- Dataset records -
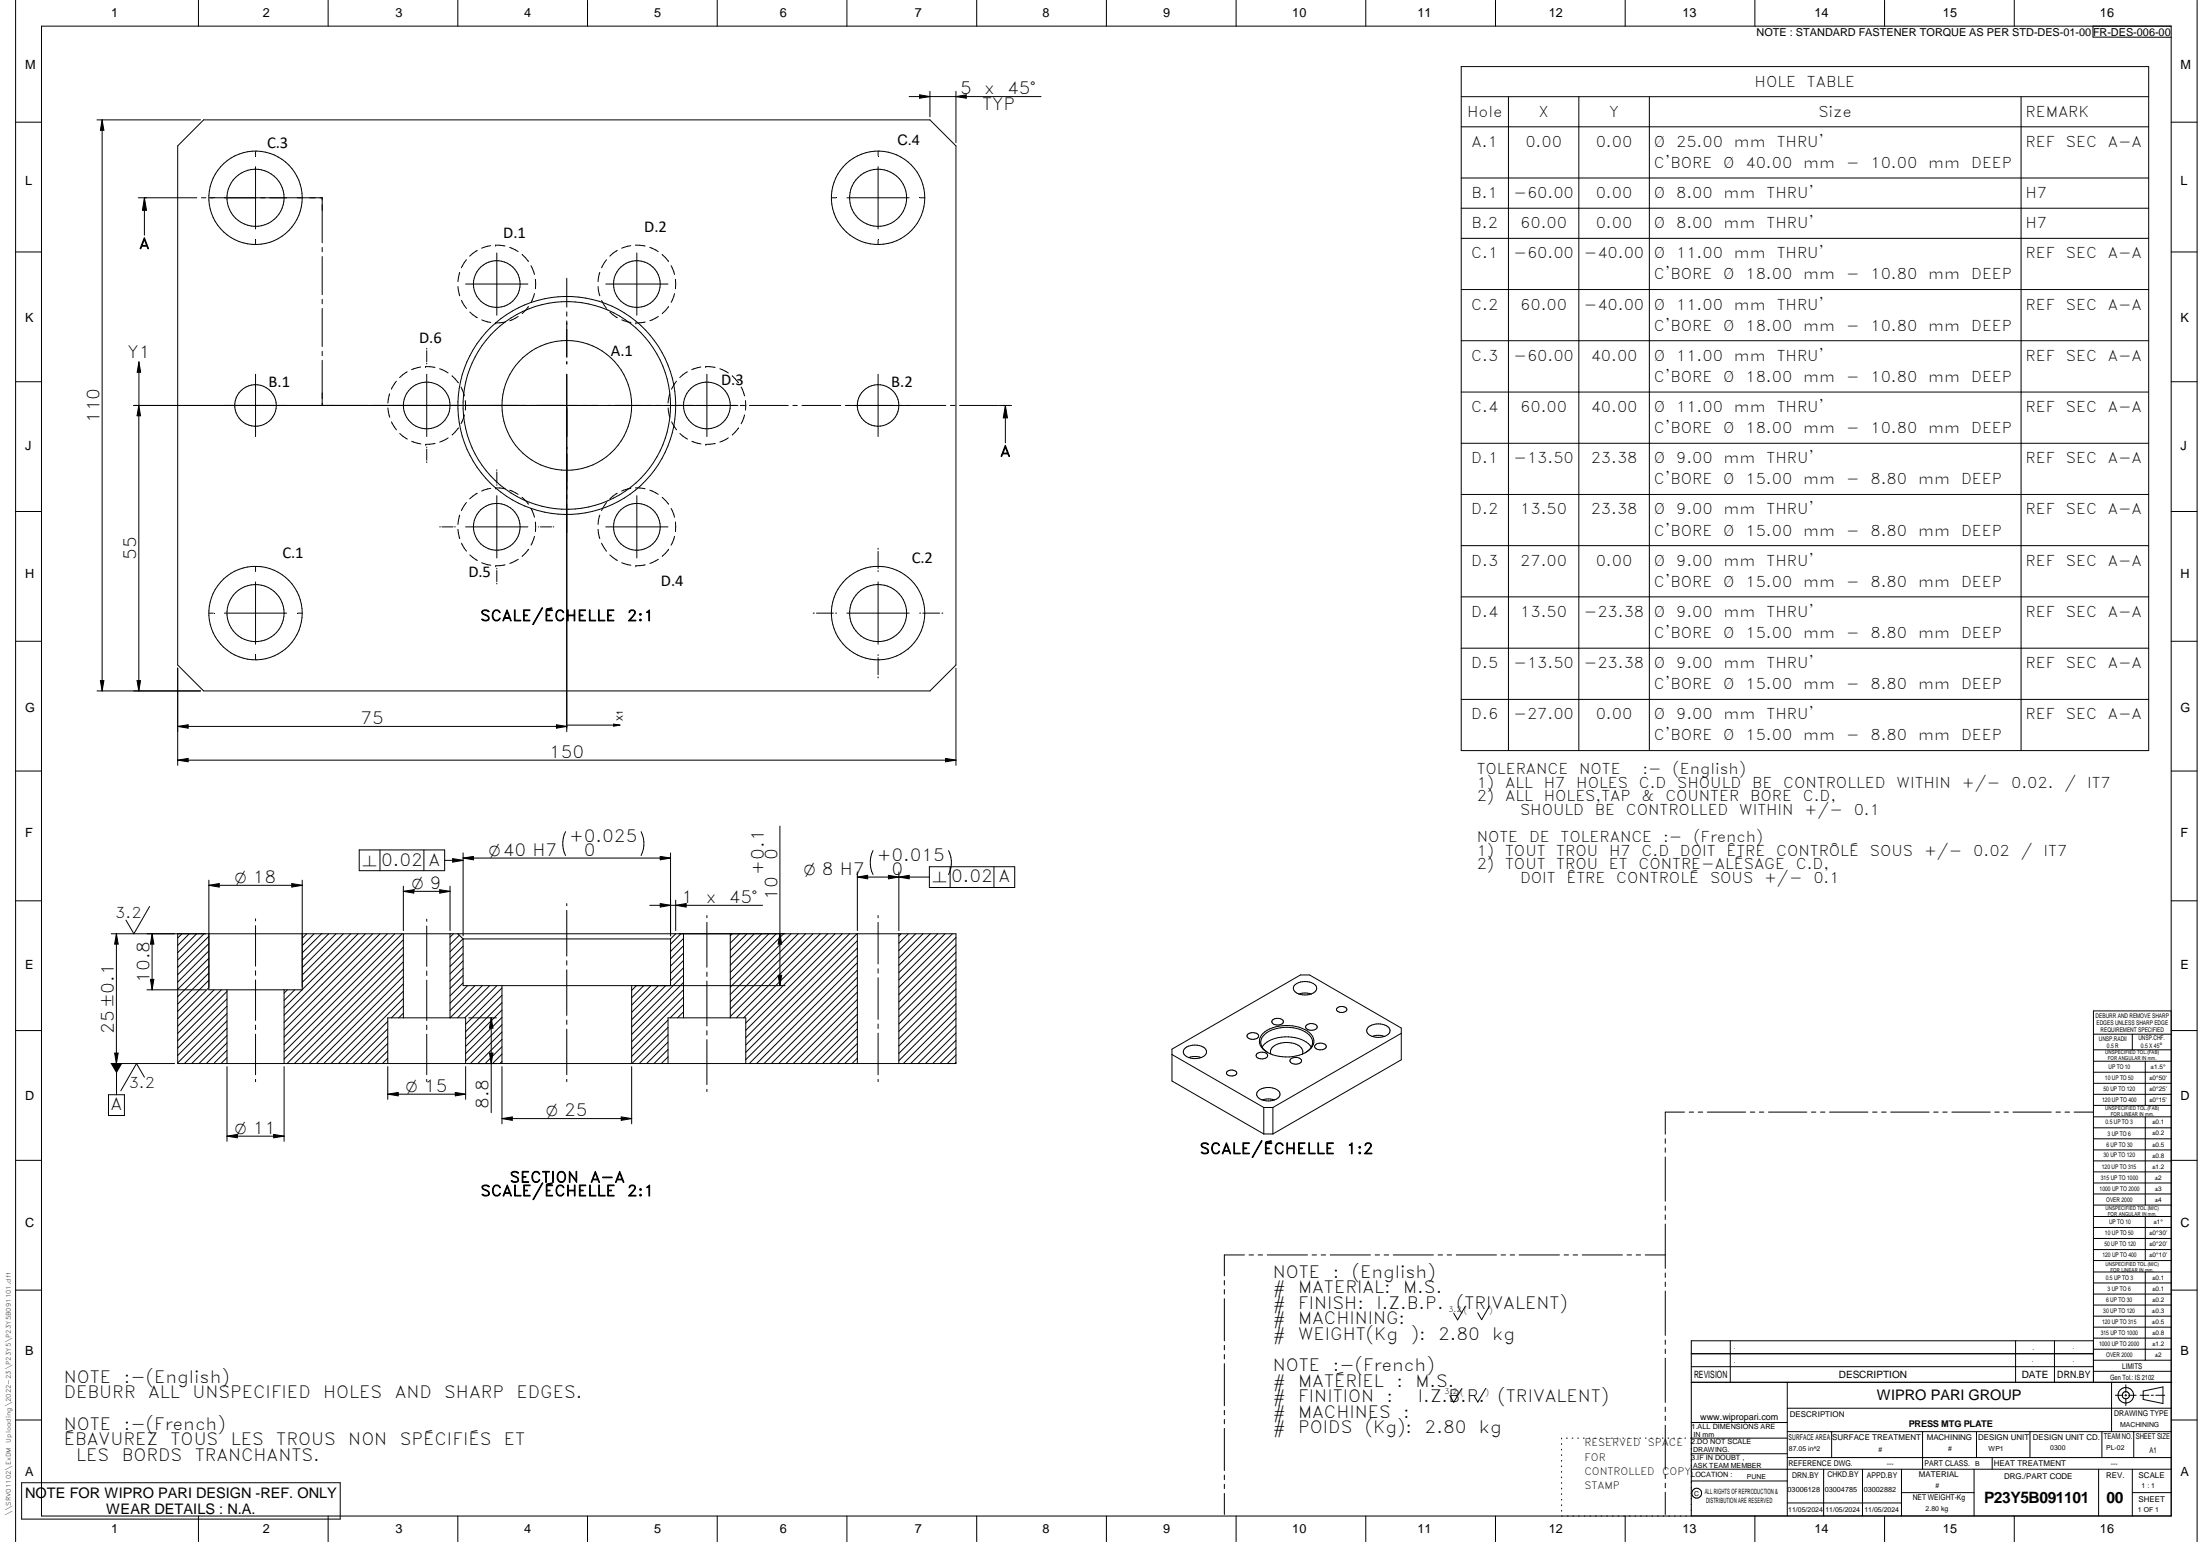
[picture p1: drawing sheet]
<svg xmlns="http://www.w3.org/2000/svg" width="848mm" height="594mm" viewBox="0 0 848 594" stroke-linecap="round" stroke-linejoin="round" font-family="sans-serif">
<g fill="none" stroke="#000" stroke-width=".39">
<path d="M6 .1v593.9M16 10.1h821v574h-821zM76.5 .1v10M126.5 .1v10M176.5 .1v10M226.5 .1v10M276.5 .1v10M326.5 .1v10M376.5 .1v10M426.5 .1v10M476.5 .1v10M526.5 .1v10"/>
<path d="M576.5 .1v10M626.5 .1v10M676.5 .1v10M726.5 .1v10M776.5 .1v10M806.8 10.1v4.2l30.2 .1M847 .1v593.9M350.5 37.2h50.8M354.5 36.5l4 .7-4 .6zM358.5 35.2v9.8M368.5 35.2v19.8M368.5 37.2l4-.7v1.3z"/>
<path d="M563.3 25.7h265v263.5h-265zM563.3 37.3h265M581.5 37.3v251.9M608.6 37.3v251.9M635.8 37.3v251.9M779.1 37.3v251.9M6 47.1h10M37.4 46.2h39.9M39.4 46.2l.6 4h-1.3zM39.4 46.2v220M78.5 46.2h280l10 10v200l-10 10h-280l-10-10v-200zM98.5 58.2v.1"/>
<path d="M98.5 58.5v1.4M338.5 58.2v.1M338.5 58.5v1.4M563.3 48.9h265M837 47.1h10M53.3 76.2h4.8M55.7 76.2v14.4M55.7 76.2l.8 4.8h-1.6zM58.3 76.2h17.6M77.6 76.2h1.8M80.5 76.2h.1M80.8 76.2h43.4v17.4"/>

- YOUR ASSIGNMENT -
The records above are to be transcribed in full, with images omitted.

- TASK RESPONSE -
[picture p1: drawing sheet]
<svg xmlns="http://www.w3.org/2000/svg" width="848mm" height="594mm" viewBox="0 0 848 594" stroke-linecap="round" stroke-linejoin="round" font-family="sans-serif">
<g fill="none" stroke="#000" stroke-width=".39">
<path d="M6 .1v593.9M16 10.1h821v574h-821zM76.5 .1v10M126.5 .1v10M176.5 .1v10M226.5 .1v10M276.5 .1v10M326.5 .1v10M376.5 .1v10M426.5 .1v10M476.5 .1v10M526.5 .1v10"/>
<path d="M576.5 .1v10M626.5 .1v10M676.5 .1v10M726.5 .1v10M776.5 .1v10M806.8 10.1v4.2l30.2 .1M847 .1v593.9M350.5 37.2h50.8M354.5 36.5l4 .7-4 .6zM358.5 35.2v9.8M368.5 35.2v19.8M368.5 37.2l4-.7v1.3z"/>
<path d="M563.3 25.7h265v263.5h-265zM563.3 37.3h265M581.5 37.3v251.9M608.6 37.3v251.9M635.8 37.3v251.9M779.1 37.3v251.9M6 47.1h10M37.4 46.2h39.9M39.4 46.2l.6 4h-1.3zM39.4 46.2v220M78.5 46.2h280l10 10v200l-10 10h-280l-10-10v-200zM98.5 58.2v.1"/>
<path d="M98.5 58.5v1.4M338.5 58.2v.1M338.5 58.5v1.4M563.3 48.9h265M837 47.1h10M53.3 76.2h4.8M55.7 76.2v14.4M55.7 76.2l.8 4.8h-1.6zM58.3 76.2h17.6M77.6 76.2h1.8M80.5 76.2h.1M80.8 76.2h43.4v17.4"/>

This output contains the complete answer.